▸ **What to work on**
Compute how many lines in the records below contain the string "CityJSON" and give that number without other output.

[Records contained in a dataset]
***

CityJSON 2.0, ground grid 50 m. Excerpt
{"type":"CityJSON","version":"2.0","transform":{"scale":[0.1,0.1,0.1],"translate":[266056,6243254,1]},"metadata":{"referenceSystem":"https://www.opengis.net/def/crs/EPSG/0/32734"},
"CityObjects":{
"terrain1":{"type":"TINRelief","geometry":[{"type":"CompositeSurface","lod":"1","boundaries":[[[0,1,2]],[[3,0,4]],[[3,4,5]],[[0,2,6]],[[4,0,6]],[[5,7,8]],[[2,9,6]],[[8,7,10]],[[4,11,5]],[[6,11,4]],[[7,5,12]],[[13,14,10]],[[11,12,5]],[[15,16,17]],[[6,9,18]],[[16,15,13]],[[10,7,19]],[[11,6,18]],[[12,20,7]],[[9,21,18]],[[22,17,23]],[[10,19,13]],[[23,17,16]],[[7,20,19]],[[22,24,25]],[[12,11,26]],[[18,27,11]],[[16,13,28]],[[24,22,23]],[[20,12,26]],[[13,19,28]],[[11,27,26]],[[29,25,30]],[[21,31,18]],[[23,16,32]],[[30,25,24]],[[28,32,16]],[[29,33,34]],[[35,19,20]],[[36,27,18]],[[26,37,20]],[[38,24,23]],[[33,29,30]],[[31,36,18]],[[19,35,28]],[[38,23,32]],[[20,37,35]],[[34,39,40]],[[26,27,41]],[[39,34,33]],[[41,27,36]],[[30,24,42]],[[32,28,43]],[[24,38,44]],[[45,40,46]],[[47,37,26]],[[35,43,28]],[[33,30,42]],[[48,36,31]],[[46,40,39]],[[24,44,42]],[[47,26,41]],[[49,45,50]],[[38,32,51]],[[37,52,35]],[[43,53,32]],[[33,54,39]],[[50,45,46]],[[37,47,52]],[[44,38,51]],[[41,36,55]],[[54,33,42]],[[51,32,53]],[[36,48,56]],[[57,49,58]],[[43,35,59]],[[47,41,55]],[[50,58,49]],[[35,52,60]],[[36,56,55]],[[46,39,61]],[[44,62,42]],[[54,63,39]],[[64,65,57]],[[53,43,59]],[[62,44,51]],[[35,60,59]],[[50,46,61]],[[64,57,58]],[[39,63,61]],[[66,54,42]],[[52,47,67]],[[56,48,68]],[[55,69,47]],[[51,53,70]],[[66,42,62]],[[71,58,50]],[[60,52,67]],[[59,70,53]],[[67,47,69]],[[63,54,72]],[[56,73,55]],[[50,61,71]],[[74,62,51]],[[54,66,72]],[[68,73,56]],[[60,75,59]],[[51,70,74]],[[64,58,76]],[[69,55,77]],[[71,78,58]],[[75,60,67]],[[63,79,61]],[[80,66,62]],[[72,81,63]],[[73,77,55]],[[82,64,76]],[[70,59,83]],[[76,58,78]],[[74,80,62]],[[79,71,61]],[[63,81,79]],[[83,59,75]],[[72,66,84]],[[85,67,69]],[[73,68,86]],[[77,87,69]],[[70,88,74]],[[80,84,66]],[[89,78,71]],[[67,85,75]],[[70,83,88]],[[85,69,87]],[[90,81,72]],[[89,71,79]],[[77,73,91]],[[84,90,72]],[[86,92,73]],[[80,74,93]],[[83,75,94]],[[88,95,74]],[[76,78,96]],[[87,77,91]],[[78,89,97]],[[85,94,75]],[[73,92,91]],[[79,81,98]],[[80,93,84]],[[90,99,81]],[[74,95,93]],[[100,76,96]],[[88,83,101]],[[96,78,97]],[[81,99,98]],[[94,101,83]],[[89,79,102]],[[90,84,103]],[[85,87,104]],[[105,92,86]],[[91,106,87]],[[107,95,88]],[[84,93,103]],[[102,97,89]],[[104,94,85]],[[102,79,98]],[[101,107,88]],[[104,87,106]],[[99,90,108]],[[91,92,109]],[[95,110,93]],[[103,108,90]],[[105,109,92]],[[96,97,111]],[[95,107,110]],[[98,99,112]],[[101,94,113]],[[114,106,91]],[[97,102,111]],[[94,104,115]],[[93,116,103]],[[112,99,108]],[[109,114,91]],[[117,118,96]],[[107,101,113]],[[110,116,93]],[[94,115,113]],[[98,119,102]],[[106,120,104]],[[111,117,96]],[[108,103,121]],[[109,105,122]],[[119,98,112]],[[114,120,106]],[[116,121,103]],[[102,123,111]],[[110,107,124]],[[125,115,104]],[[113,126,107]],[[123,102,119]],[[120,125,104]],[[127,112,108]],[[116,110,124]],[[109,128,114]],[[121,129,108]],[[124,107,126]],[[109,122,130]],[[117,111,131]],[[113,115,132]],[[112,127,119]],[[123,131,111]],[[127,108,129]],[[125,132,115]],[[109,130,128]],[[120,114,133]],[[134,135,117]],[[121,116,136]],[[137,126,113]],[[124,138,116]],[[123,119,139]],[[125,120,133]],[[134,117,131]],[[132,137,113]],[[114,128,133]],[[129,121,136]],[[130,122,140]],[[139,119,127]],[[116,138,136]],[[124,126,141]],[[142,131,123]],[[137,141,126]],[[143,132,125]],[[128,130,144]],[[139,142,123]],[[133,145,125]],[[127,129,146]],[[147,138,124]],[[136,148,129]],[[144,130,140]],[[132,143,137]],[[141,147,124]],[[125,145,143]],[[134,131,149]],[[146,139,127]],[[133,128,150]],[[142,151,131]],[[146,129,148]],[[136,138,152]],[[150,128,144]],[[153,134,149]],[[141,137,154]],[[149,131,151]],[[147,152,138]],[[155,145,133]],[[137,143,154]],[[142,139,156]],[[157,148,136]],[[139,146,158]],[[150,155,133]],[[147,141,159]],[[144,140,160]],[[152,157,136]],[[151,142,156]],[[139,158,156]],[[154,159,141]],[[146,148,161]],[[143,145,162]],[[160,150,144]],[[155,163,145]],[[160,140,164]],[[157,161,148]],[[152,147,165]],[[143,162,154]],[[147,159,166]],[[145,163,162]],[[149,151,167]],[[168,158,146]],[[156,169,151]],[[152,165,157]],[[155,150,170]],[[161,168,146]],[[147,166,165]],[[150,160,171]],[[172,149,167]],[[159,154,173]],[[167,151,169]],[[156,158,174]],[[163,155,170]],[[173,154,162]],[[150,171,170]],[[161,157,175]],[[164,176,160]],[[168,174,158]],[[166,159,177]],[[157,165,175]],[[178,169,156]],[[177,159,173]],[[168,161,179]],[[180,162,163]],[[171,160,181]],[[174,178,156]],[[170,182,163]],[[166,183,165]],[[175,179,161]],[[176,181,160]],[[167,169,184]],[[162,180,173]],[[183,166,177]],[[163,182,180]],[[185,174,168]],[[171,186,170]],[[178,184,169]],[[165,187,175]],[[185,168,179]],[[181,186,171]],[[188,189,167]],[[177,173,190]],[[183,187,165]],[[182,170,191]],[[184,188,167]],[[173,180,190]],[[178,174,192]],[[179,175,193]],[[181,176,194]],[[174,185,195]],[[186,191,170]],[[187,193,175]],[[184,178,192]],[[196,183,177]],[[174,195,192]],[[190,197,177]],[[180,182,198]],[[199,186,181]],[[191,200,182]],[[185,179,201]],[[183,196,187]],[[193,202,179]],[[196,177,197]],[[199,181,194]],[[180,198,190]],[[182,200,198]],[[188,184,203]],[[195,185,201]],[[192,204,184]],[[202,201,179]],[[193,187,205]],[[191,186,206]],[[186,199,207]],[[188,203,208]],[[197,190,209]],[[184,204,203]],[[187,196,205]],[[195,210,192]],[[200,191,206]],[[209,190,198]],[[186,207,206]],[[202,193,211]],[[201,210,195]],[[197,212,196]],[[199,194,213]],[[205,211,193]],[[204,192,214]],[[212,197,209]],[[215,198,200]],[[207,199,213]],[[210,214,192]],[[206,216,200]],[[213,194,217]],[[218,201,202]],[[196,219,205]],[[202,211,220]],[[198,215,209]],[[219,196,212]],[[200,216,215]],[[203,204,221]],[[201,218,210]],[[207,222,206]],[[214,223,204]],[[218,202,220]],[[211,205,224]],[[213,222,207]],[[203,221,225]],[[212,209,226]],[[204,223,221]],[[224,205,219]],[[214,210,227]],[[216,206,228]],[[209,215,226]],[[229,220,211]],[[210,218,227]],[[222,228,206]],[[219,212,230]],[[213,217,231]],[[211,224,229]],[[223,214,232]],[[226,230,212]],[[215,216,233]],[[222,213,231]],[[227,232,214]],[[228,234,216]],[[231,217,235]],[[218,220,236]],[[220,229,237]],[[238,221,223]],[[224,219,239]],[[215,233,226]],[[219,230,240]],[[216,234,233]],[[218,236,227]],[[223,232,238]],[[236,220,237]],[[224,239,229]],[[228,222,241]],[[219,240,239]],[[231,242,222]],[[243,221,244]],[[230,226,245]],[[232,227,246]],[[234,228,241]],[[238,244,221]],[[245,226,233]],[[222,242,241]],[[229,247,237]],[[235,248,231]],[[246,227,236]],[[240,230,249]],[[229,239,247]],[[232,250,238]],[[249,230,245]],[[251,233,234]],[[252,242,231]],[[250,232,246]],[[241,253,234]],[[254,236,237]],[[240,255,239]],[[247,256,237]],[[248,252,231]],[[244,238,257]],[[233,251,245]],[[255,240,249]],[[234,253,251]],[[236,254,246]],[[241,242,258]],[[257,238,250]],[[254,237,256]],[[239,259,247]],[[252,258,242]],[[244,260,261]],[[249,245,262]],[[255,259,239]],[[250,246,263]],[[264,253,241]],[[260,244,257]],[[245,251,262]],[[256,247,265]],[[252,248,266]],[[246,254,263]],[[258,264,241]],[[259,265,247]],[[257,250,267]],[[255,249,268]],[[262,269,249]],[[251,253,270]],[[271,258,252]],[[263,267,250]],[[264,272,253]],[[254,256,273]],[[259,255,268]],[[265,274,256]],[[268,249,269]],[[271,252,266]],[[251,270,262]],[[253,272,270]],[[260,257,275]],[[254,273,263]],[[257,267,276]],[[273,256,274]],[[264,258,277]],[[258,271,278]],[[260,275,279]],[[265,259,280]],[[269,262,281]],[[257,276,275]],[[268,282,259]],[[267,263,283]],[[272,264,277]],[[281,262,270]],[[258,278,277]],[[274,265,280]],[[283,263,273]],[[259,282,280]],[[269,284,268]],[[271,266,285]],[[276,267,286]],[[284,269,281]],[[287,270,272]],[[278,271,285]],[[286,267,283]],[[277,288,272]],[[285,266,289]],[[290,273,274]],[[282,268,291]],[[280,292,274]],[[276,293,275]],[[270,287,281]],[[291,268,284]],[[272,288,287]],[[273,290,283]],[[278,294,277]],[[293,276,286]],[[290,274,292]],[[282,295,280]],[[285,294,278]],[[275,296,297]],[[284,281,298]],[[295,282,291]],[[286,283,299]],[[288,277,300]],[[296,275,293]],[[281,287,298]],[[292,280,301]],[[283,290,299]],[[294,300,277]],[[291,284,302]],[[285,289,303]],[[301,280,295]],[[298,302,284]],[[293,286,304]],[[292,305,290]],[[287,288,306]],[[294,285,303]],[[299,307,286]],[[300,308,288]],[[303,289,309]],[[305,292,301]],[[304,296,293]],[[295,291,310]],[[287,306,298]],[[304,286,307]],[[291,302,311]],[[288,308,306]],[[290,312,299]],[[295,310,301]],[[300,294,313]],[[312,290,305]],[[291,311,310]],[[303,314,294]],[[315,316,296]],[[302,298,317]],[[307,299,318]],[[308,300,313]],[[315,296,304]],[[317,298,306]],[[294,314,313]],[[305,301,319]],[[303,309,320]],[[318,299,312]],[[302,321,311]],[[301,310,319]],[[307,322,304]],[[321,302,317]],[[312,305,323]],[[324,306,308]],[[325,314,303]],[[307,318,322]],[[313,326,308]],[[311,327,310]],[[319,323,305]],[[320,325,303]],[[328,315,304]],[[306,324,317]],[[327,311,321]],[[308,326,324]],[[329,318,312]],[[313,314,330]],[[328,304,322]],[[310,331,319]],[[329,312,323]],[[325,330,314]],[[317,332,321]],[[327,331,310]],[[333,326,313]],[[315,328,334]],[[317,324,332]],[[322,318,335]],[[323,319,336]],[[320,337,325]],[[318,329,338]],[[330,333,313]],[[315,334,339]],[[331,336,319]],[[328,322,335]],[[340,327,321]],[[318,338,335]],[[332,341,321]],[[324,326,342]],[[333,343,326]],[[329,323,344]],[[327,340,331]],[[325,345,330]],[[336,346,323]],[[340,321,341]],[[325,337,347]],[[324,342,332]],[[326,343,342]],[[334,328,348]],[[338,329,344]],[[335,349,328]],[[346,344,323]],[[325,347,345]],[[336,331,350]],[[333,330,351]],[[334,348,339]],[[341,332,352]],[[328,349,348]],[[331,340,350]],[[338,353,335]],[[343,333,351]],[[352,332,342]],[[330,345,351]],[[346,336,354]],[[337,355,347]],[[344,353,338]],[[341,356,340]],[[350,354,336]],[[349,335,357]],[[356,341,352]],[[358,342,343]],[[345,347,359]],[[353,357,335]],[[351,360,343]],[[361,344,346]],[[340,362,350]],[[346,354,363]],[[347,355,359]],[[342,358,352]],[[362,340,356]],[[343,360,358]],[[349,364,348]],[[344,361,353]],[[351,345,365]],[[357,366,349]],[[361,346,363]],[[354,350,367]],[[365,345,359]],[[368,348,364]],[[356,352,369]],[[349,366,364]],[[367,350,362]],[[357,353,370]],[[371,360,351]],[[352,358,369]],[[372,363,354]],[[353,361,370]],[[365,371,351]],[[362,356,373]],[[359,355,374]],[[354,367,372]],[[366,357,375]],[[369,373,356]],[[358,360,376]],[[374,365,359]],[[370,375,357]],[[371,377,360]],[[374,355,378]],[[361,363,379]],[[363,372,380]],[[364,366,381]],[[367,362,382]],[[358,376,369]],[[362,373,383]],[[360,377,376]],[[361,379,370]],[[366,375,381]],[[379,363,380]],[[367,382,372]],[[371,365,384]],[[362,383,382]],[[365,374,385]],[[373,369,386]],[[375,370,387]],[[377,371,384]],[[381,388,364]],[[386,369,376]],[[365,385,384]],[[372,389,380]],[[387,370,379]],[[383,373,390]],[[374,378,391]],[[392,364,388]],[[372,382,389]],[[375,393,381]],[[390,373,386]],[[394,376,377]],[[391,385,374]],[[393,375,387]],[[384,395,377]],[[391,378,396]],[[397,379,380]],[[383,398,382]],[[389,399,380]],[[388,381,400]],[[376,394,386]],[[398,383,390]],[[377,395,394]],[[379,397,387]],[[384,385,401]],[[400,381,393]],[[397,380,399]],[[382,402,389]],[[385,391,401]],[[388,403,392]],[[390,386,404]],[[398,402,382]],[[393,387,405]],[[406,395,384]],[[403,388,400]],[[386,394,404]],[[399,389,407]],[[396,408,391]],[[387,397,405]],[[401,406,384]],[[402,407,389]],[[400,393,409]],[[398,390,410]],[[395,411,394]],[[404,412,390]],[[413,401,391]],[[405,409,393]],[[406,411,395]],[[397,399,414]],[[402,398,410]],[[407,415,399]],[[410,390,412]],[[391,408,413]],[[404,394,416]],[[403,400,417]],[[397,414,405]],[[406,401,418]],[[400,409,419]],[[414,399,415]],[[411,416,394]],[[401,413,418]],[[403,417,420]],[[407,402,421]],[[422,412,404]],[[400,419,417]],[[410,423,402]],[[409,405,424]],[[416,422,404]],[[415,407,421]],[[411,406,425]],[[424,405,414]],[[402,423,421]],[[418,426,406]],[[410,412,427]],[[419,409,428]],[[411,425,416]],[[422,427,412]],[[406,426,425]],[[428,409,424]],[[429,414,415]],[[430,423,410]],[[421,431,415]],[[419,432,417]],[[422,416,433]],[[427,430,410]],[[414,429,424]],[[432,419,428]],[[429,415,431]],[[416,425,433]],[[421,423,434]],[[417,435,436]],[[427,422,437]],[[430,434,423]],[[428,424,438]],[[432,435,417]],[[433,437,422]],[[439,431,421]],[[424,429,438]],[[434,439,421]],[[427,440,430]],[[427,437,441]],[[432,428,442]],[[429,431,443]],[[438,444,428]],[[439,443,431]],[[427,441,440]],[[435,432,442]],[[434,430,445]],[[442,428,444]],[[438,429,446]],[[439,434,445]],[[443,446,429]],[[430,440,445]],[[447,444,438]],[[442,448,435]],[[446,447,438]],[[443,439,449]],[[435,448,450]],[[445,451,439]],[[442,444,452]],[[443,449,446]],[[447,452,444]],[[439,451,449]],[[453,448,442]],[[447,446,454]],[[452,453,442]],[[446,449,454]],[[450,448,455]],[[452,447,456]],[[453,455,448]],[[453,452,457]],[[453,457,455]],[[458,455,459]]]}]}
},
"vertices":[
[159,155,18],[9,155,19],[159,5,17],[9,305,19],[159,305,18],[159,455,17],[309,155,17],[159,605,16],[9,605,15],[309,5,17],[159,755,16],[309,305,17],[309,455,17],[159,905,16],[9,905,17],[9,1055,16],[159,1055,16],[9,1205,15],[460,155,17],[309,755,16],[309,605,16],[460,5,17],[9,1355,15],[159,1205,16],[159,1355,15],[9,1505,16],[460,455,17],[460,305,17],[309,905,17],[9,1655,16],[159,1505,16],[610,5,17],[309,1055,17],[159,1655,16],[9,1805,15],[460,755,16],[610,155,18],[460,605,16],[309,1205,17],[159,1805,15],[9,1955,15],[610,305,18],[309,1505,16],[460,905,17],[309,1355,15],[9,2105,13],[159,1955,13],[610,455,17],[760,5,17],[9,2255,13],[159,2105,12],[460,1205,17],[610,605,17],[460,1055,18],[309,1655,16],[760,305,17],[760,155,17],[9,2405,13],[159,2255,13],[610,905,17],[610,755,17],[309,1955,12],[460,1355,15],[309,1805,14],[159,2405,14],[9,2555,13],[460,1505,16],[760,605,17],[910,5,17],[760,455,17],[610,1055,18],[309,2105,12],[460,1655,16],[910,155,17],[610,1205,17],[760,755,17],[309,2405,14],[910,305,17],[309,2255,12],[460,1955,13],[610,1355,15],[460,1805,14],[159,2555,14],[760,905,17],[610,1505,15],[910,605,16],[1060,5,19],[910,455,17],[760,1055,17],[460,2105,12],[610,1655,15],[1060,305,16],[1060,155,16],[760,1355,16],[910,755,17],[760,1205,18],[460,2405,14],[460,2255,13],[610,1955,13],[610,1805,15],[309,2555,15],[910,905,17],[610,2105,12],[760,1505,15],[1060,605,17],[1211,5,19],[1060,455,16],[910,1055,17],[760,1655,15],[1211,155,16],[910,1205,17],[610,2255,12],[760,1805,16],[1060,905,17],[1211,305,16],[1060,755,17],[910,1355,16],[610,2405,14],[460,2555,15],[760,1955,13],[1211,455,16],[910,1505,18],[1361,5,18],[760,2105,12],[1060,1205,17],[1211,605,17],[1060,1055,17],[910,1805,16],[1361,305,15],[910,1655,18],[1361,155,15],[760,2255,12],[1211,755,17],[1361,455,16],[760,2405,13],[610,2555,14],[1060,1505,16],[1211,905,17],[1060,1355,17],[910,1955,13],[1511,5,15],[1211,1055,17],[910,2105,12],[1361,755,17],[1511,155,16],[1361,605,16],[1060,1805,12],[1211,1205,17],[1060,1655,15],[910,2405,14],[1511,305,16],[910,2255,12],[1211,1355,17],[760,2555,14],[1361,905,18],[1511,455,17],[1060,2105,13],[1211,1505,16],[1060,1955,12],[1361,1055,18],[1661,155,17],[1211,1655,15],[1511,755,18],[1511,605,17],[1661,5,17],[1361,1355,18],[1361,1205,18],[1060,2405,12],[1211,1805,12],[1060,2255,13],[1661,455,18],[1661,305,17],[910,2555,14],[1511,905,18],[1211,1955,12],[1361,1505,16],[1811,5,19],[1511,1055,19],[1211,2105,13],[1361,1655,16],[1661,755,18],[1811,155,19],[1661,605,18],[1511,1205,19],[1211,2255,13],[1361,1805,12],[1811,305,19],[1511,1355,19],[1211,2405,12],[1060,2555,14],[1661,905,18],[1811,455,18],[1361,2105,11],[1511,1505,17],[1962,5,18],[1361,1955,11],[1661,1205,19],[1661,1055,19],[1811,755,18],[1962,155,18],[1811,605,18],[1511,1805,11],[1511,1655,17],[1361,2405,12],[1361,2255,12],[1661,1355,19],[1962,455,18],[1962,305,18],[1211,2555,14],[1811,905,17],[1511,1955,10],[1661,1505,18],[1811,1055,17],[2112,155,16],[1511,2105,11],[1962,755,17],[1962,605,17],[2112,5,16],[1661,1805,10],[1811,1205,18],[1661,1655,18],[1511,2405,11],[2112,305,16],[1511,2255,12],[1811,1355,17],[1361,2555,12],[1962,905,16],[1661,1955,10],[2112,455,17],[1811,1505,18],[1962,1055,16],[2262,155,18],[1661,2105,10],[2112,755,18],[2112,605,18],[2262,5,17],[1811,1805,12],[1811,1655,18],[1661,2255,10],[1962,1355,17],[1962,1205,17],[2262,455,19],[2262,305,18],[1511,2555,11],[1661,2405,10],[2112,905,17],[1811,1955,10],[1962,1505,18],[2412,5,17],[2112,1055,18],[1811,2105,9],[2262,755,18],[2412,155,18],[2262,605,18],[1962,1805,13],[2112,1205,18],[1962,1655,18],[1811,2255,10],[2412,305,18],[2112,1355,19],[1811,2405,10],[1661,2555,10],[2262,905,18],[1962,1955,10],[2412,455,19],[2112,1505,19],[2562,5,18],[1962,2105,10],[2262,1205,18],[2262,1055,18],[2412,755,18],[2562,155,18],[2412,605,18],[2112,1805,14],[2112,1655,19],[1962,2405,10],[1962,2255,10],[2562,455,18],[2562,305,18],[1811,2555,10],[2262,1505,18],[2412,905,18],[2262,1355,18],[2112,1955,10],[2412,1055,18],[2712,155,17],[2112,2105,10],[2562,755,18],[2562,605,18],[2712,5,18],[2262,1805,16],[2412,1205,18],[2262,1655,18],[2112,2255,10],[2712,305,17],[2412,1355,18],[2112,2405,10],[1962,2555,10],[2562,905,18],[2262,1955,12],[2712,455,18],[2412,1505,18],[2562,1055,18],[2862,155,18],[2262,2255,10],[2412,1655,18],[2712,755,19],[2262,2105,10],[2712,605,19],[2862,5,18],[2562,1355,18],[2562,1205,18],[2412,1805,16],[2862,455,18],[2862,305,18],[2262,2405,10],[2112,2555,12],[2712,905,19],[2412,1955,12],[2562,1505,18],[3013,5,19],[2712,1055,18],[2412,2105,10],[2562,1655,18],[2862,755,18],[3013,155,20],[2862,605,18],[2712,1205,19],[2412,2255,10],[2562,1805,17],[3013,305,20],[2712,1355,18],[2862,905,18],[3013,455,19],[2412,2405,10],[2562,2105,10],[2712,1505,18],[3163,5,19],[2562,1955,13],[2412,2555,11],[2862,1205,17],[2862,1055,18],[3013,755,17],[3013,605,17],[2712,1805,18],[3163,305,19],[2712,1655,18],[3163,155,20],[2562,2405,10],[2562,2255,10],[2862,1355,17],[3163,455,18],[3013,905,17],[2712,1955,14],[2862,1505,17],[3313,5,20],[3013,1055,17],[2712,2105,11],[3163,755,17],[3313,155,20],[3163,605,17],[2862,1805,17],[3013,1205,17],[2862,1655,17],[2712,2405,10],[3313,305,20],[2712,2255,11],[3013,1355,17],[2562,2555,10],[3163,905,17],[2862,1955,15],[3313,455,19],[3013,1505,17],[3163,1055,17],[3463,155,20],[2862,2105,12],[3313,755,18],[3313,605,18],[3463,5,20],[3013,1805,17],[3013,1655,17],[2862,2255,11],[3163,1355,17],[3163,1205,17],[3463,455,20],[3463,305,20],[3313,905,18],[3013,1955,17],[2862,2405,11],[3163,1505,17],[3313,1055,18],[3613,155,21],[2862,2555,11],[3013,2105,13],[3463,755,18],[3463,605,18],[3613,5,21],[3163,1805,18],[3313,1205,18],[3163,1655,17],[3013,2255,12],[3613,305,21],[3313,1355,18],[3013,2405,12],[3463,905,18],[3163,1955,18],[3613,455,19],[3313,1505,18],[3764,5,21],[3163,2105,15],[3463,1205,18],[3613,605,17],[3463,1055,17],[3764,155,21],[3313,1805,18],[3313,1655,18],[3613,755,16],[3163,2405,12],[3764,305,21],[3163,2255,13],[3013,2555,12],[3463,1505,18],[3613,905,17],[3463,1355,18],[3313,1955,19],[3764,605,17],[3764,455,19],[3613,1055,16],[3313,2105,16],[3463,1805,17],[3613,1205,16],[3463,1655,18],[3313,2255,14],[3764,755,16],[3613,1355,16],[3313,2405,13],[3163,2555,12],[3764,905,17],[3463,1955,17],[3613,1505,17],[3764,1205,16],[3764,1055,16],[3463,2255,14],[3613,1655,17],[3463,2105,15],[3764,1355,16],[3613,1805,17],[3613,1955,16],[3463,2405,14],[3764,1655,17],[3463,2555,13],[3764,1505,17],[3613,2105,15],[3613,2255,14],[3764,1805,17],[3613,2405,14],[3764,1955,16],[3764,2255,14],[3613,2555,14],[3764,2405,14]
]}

***

▸ **Answer to the problem**
2